Cabe señalar que el uso de algunas modalidades de la radiodifusión en el contexto escolar, no excluye la necesidad de que los educadores tengamos acceso al medio en cuanto empresa particular o institucional; es decir, proyectos con un claro sentido educacional a los micrófonos de las radiodifusoras locales, proyectar las acciones de la escuela hacia la comunidad usando este valioso medio de comunicación de manera más efectiva. En este sentido, la "Ley de radiodifusión" señala la obligatoriedad para las radioemisoras y televisoras de conceder tiempo de transmisión para el estado. Este precepto no se cumple en forma completa ya sea porque las emisoras conceden tiempos de poca audiencia o porque no existen programas de calidad educativa susceptibles de transmitirse. Los profesores lamentamos la influencia nociva ejercida por los medios en la mente de nuestros educandos, pero no hemos sido capaces de aprovechar las bondades de estos en provecho de la educación.

Por último, conviene hacer otra reflexión en pos del uso educativo de los medios de difusión: para que el medio en general pueda llamarse didáctico no sólo debe tener la intencionalidad, "hay que añadir la necesidad de que se obligue el profesor a reflexionar sobre la práctica educativa concreta y, como consecuencia de ello, descubrir cuáles son sus necesidades reales con relación a ese medio, qué es lo que pide de él, qué lugar va a ocupar dentro de su diseño, qué función va a cubrir y cuáles son las modificaciones metodológicas que tiene que introducir y, por tanto, que tipo de previsiones debe considerar".(4)

Esto significa que el medio tal como llega a las manos del profesor no puede ser empleado por éste.

Respetando los principios de la educación progresista, fomentando los diferentes modos de participación de los alumnos y entablando una real interacción entre los miembros de la emisión así como entre éstos y los receptores llegaremos de forma más directa a la consecución de metas valiosas para nuestra práctica educativa.

Si los profesionales de los medios aplican sus conocimientos técnicos a la educación y los profesores su saber pedagógico para el diseño de programas educativos a través de la radio, aún mejores resultados se esperan. Las condiciones están dadas; sólo falta tomar "el micrófono por la base".

 

Notas

1. Romo Gil, María Cristina. Introducción al conocimiento y práctica de la radio. Diana. 1987. p. 13.

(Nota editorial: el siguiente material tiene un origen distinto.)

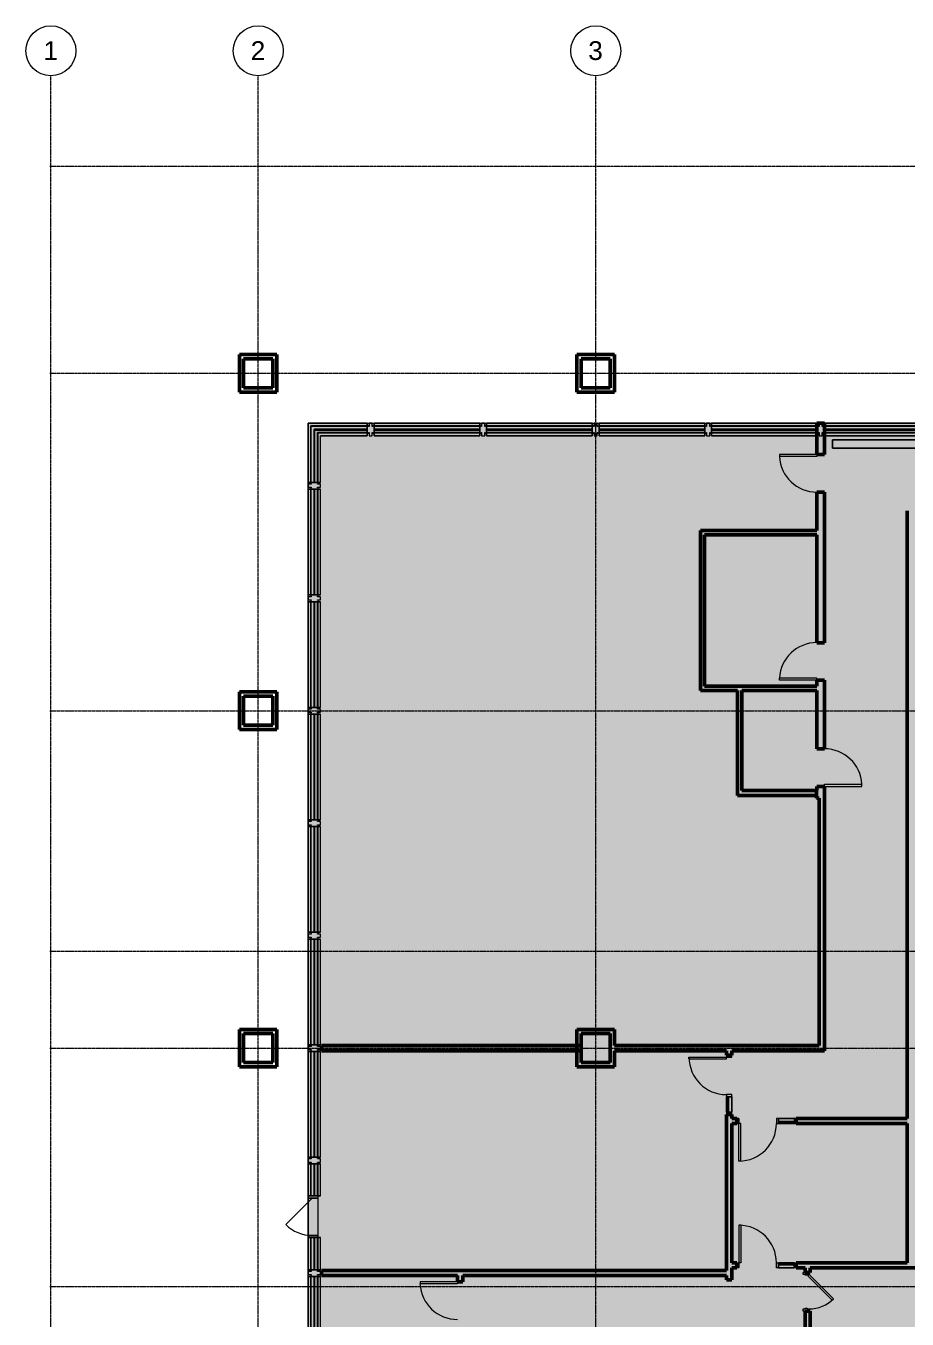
# Model space of a CAD drawing. Header units: inches. Extents: x -223 to 3310, y -687 to 1630.
# Drawn here: x -223 to 623, y 388 to 1630 of the extents above; entities that cross this region are included whole.
import ezdxf

# ---------------------------------------------------------------- set-up
doc = ezdxf.new("R2010")
doc.units = ezdxf.units.IN
doc.header["$MEASUREMENT"] = 0
doc.linetypes.add('Grid Line 1_2_', pattern=[0.875, 0.5, -0.125, 0.125, -0.125])
for name, color, linetype, lineweight in [('A-DOOR', 31, 'Continuous', 13), ('A-DOOR-FRAM', 31, 'Continuous', 20), ('A-DOOR-GLAZ', 31, 'Continuous', 30), ('A-FLOR', 192, 'Continuous', 13), ('A-FLOR-PATT', 8, 'Continuous', 13), ('A-GLAZ-CURT', 52, 'Continuous', 9), ('A-GLAZ-CWMG', 51, 'Continuous', 9), ('A-WALL', 113, 'Continuous', 13), ('I-WALL', 2, 'Continuous', 13), ('M-EQPM', 50, 'Continuous', 9), ('S-GRID', 1, 'Continuous', 9), ('S-GRID-IDEN', 1, 'Continuous', 9)]:
    doc.layers.add(name, color=color, linetype=linetype, lineweight=lineweight)
doc.styles.add('Arial_1', font='arial.ttf', dxfattribs={"height": 18})

# ---------------------------------------------------------------- blocks, each defined once
blk = doc.blocks.new('Single-Flush - 36_ x 84_-922003-Level 2')
at = {"layer": 'A-DOOR', "lineweight": 20}
for p, q in [((16, -3.6), (16, -39.6)), ((18, -3.6), (16, -3.6)), ((18, -3.6), (18, -39.6)), ((18, -39.6), (16, -39.6))]:
    blk.add_line(p, q, dxfattribs=at)
at = {"layer": 'A-DOOR', "lineweight": 9}
blk.add_arc((18, -3.6), 36.1, 180, 266.8211, dxfattribs=at)
blk = doc.blocks.new('Single-Flush - 36_ x 84_-922005-Level 2')
at = {"layer": 'A-DOOR', "lineweight": 20}
for p, q in [((16, 3.6), (16, 39.6)), ((18, 39.6), (16, 39.6)), ((18, 3.6), (18, 39.6)), ((18, 3.6), (16, 3.6))]:
    blk.add_line(p, q, dxfattribs=at)
at = {"layer": 'A-DOOR', "lineweight": 9}
blk.add_arc((18, 3.6), 36.1, 93.1789, 180, dxfattribs=at)
blk = doc.blocks.new('Door Single - Hinged _ Sidelite-Full - F-3_-0_ x 8_-0_ _ 14_ SL-1050490-Level 2')
at = {"layer": 'A-DOOR', "lineweight": 20}
for p, q in [((16.25, 38.5), (18, 38.5)), ((16.25, 38.5), (16.25, 2.5)), ((18, 38.5), (18, 2.5)), ((16.25, 2.5), (18, 2.5))]:
    blk.add_line(p, q, dxfattribs=at)
at = {"layer": 'A-DOOR'}
for p, q in [((18, 2.5), (18, 2.5)), ((18, 0.75), (18, 0.75))]:
    blk.add_line(p, q, dxfattribs=at)
at = {"layer": 'A-DOOR', "lineweight": 9}
blk.add_arc((18, 2.5), 36, 90, 180, dxfattribs=at)
at = {"layer": 'A-DOOR-FRAM'}
for p, q in [((-35, 2.5), (-37, 2.5)), ((-37, 2.5), (-37, -2.5)), ((-35, -2.5), (-35, 2.5)), ((-18, 2.5), (-20, 2.5)), ((-20, 2.5), (-20, -2.5)), ((-18, -2.5), (-18, 2.5)), ((20, 2.5), (18, 2.5)), ((18, 2.5), (18, -2.5)), ((20, -2.5), (20, 2.5)), ((-37, -2.5), (-35, -2.5)), ((-20, -2.5), (-18, -2.5)), ((18, -2.5), (20, -2.5))]:
    blk.add_line(p, q, dxfattribs=at)
at = {"layer": 'A-DOOR-FRAM', "lineweight": 9}
for p, q in [((-18, 2.5), (-37, 2.5)), ((-37, 2.5), (-37, 2.5)), ((-37, -2.5), (-37, 2.5)), ((-35, 2.5), (-35, 2.5)), ((-35, 2.5), (-20, 2.5)), ((-35, -2.5), (-35, 2.5)), ((-20, 2.5), (-20, 2.5)), ((-20, -2.5), (-20, 2.5)), ((-18, 2.5), (-18, 2.5)), ((-18, -2.5), (-18, 2.5)), ((20, 2.5), (18, 2.5)), ((18, 2.5), (18, 2.5)), ((18, -2.5), (18, 2.5)), ((20, 2.5), (20, 2.5)), ((20, -2.5), (20, 2.5)), ((-37, -2.5), (-37, -2.5)), ((-37, -2.5), (-18, -2.5)), ((-20, -2.5), (-35, -2.5)), ((-35, -2.5), (-35, -2.5)), ((-20, -2.5), (-20, -2.5)), ((-18, -2.5), (-18, -2.5)), ((18, -2.5), (18, -2.5)), ((18, -2.5), (20, -2.5)), ((20, -2.5), (20, -2.5))]:
    blk.add_line(p, q, dxfattribs=at)
at = {"layer": 'A-DOOR-GLAZ'}
blk.add_line((-35, 0.75), (-20, 0.75), dxfattribs=at)
blk = doc.blocks.new('Single-Flush - 36_ x 84_-471121-Level 2')
at = {"layer": 'A-DOOR', "lineweight": 20}
for p, q in [((16, 2.5), (16, 38.5)), ((18, 38.5), (16, 38.5)), ((18, 2.5), (18, 38.5)), ((18, 2.5), (16, 2.5))]:
    blk.add_line(p, q, dxfattribs=at)
at = {"layer": 'A-DOOR', "lineweight": 9}
blk.add_arc((18, 2.5), 36.1, 93.1789, 180, dxfattribs=at)
blk = doc.blocks.new('Door Single - Hinged _ Sidelite-Full - F-3_-0_ x 8_-0_ _ 14_ SL-1050516-Level 2')
at = {"layer": 'A-DOOR', "lineweight": 20}
for p, q in [((16.25, -2.4375), (18, -2.4375)), ((16.25, -38.4375), (16.25, -2.4375)), ((18, -38.4375), (18, -2.4375)), ((16.25, -38.4375), (18, -38.4375))]:
    blk.add_line(p, q, dxfattribs=at)
at = {"layer": 'A-DOOR'}
for p, q in [((18, -0.6875), (18, -0.6875)), ((18, -2.4375), (18, -2.4375))]:
    blk.add_line(p, q, dxfattribs=at)
at = {"layer": 'A-DOOR', "lineweight": 9}
blk.add_arc((18, -2.4375), 36, 180, 270, dxfattribs=at)
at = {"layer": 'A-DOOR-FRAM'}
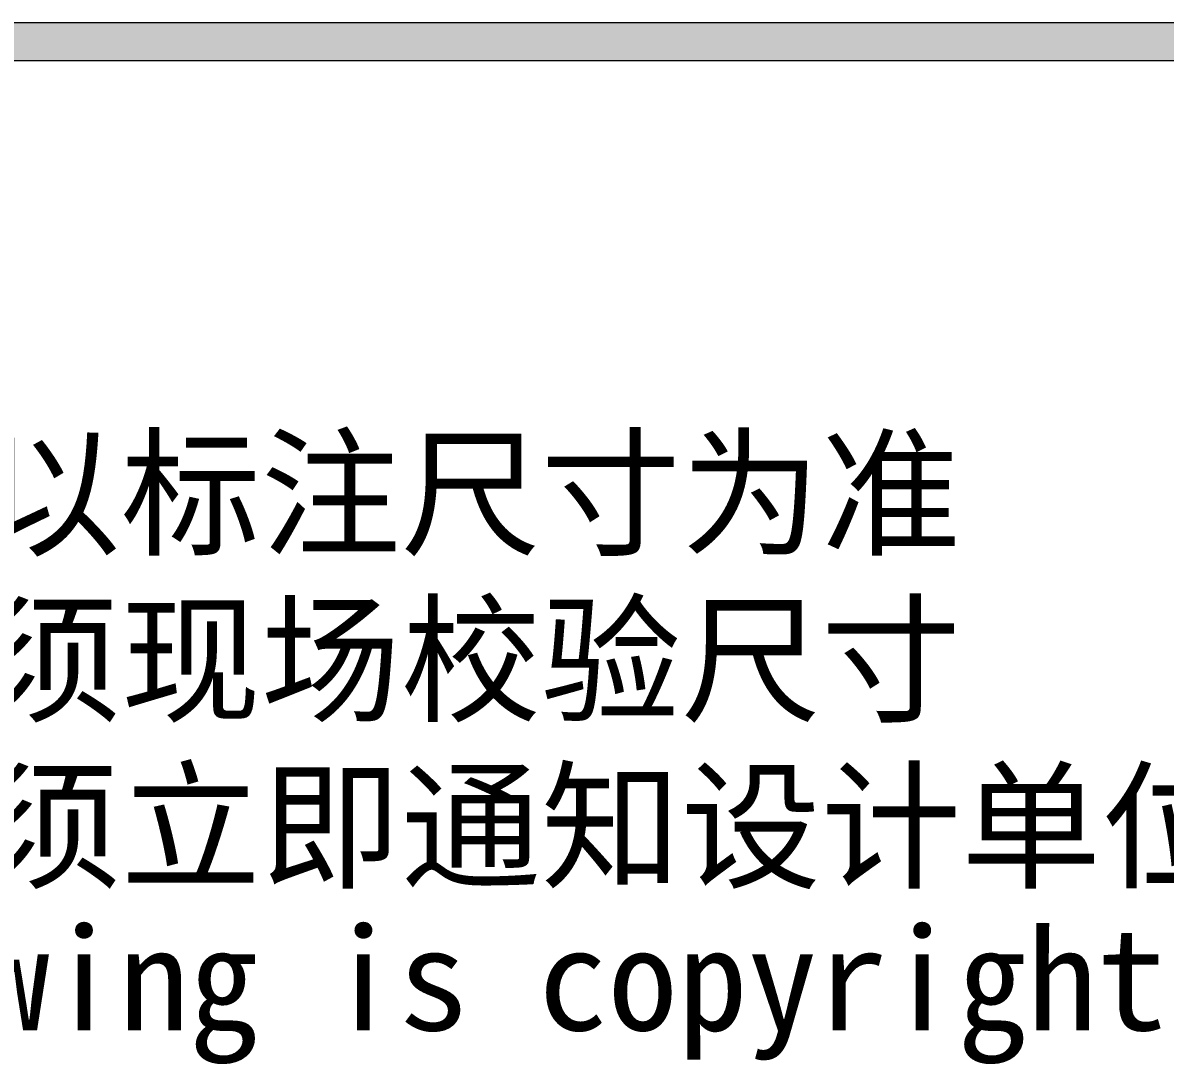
# Model space of a CAD drawing. Header units: millimetres. Extents: x -23568 to 99064, y -162914 to -58422.
# Drawn here: x 33198 to 33906, y -110129 to -109484 of the extents above; entities that cross this region are included whole.
import ezdxf

# ---------------------------------------------------------------- set-up
doc = ezdxf.new("R2010")
doc.units = ezdxf.units.MM
doc.header["$LTSCALE"] = 0.01
doc.layers.add('W-图框', color=251, linetype='Continuous')
doc.styles.add('A2图框$0$WMF-黑体0', font='simhei.ttf')

msp = doc.modelspace()

# ---------------------------------------------------------------- hatches: boundary and pattern name
at = {"ltscale": 0.01}
msp.add_hatch(color=153, dxfattribs=at).paths.add_polyline_path([(32797.16, -109507.24), (34691.1, -109507.24), (34691.1, -109483.97), (32691.1, -109483.97), (32691.1, -109507.24)])

# ---------------------------------------------------------------- linework, layer by layer
at = {"color": 153, "lineweight": 0}
msp.add_lwpolyline([(32797.16, -109507.24), (34691.1, -109507.24), (34691.1, -109483.97), (32691.1, -109483.97), (32691.1, -109507.24), (32797.16, -109507.24)], dxfattribs=at)

# ---------------------------------------------------------------- texts
at = {"layer": 'W-图框', "color": 159, "lineweight": 0, "style": 'A2图框$0$WMF-黑体0'}
for s, p in [('施工时须以标注尺寸为准', (32824.22, -109807.29)), ('施工单位须现场校验尺寸', (32824.22, -109910.45)), ('如有不符须立即通知设计单位', (32824.22, -110013.6)), ('This drawing is copyright', (32824.22, -110108.27))]:
    msp.add_text(s, height=63.6364, dxfattribs=at).set_placement(p)

doc.saveas('drawing.dxf')

2. A la fórmula diseñada por Harold Laswell, Curiel agrega el propósito y la forma significativa. Curiel, Fernando. La telaraña magnética o el lenguaje de la radio. Editorial Oasis. México, 1985.

3. Curiel, Fernando. Op. Cit. pp. 15, 16.

4. Martínez Sánchez, Francisco. "Producción de video y televisión con fines educativos y culturales" en: Las nuevas tecnologías de la información en la educación. Juan de Pablos Pons y Carlos Gortari, eds. Madrid, 1991.